The last code listing that we look at today is another simple utility class that introspects an object for methods annotated with @PostConstruct and calls them. @PostConstruct is often used with @Resource to make the first method invocation after the resource injection has been performed, so initialization depending on the injected fields can be performed.
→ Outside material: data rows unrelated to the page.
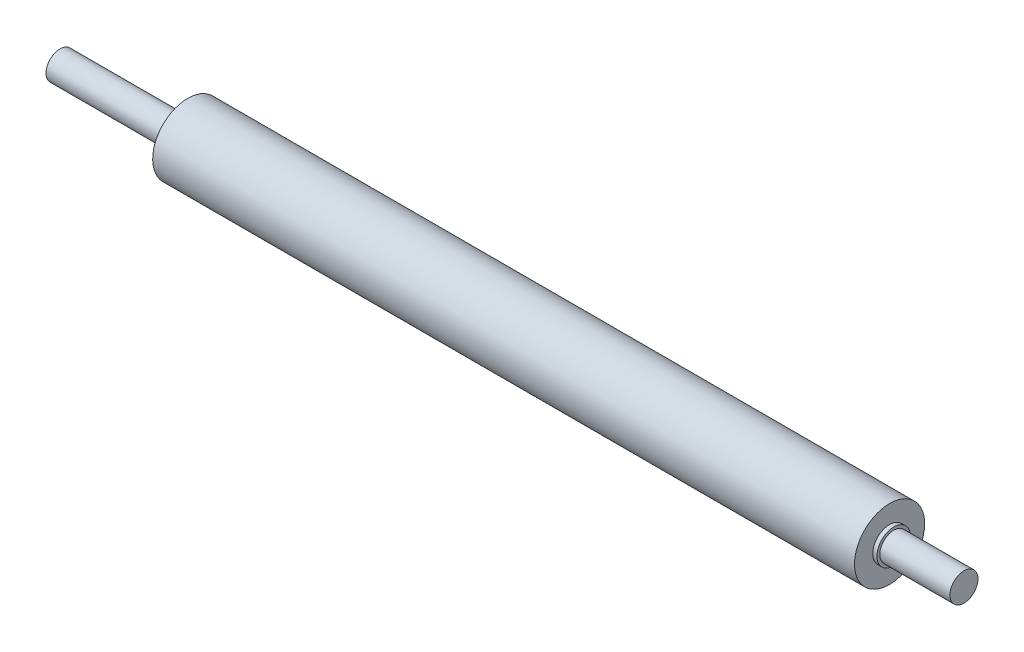
SolidWorks part; units mm, degrees
ref_plane "前视基准面" through (0, 0, 0) normal (0, 0, 1) x (1, 0, 0)
ref_plane "上视基准面" through (0, 0, 0) normal (0, 1, 0) x (1, 0, 0)
ref_plane "右视基准面" through (0, 0, 0) normal (1, 0, 0) x (0, 0, -1)
sketch "草图1" plane through (0, 0, 0) normal (0, 0, 1) x (1, 0, 0)
  line L0 (0, 0) -> (-265, 0) construction
  line L1 (-265, 0) -> (-265, 10)
  line L2 (-265, 10) -> (-253, 10)
  line L3 (-253, 10) -> (-253, 12)
  line L4 (-253, 12) -> (-250, 12)
  line L5 (-250, 12) -> (-250, 25)
  line L6 (-250, 25) -> (250, 25)
  line L7 (303, 0) -> (-265, 0)
  line L8 (247, 22) -> (-247, 22)
  line L9 (-247, 22) -> (-247, 12)
  line L10 (-247, 12) -> (247, 12)
  line L11 (0, 0) -> (0, 24) construction
  line L12 (247, 22) -> (247, 12)
  line L13 (250, 12) -> (250, 25)
  line L14 (253, 12) -> (250, 12)
  line L15 (253, 10) -> (253, 12)
  line L16 (303, 10) -> (253, 10)
  line L17 (303, 0) -> (303, 10)
  point P20 (0, 12)
  dimension "D1" = 12
  dimension "D2" = 3
  dimension "D3" = 2
  dimension "D4" = 500
  dimension "D5" = 12
  dimension "D6" = 20
  dimension "D7" = 3
  dimension "D8" = 50
  dimension "D9" = 3
  dimension "D10" = 50
revolve "旋转1" add sketch "草图1" angle 360 about L7
sketch "草图2" plane through (-265, 0, 0) normal (-1, 0, 0) x (0, 0, 1)
  circle A1 centre (0, 0) radius 10
  circle A2 centre (0, 0) radius 10
  dimension "D1" = 0
extrude "凸台-拉伸1" add sketch "草图2" along normal blind 76

Once more, the listing is straightforward:

package it.tidalwave.netbeans.behaviour.util;

import javax.annotation.Nonnull;
import javax.annotation.PostConstruct;
import java.lang.reflect.Method;
import it.tidalwave.logger.Logger;

public final class PostConstructorCaller
{
private final static String CLASS = PostConstructorCaller.class.getName();
private final static Logger logger = Logger.getLogger(CLASS);

public static void callPostConstructors (final @Nonnull Object behaviour)
{
callPostConstructors(behaviour, behaviour.getClass());
}

private static void callPostConstructors (final @Nonnull Object behaviour,
final @Nonnull Class<?> clazz)
{
final Class<?> superclass = clazz.getSuperclass();

if (superclass != null)
{
callPostConstructors(behaviour, superclass);
}

for (final Method method : clazz.getDeclaredMethods())
{
if (method.getAnnotation(PostConstruct.class) != null)
{
try
{
method.setAccessible(true);
method.invoke(behaviour);
}
catch (Exception e)
{
logger.severe("While initializing %s: %s", behaviour, e);
logger.throwing(CLASS, "callPostConstructors()", e);
}
}
}
}
}

In my next post I'll show how this can be integrated with a TopComponent for actually implementing the Pluggable TopComponent idiom.

Working code can be found here:
hg clone https://kenai.com/hg/forceten~src
hg update -C dzone-20091020
in the module modules/OpenBlueSky/Behaviour.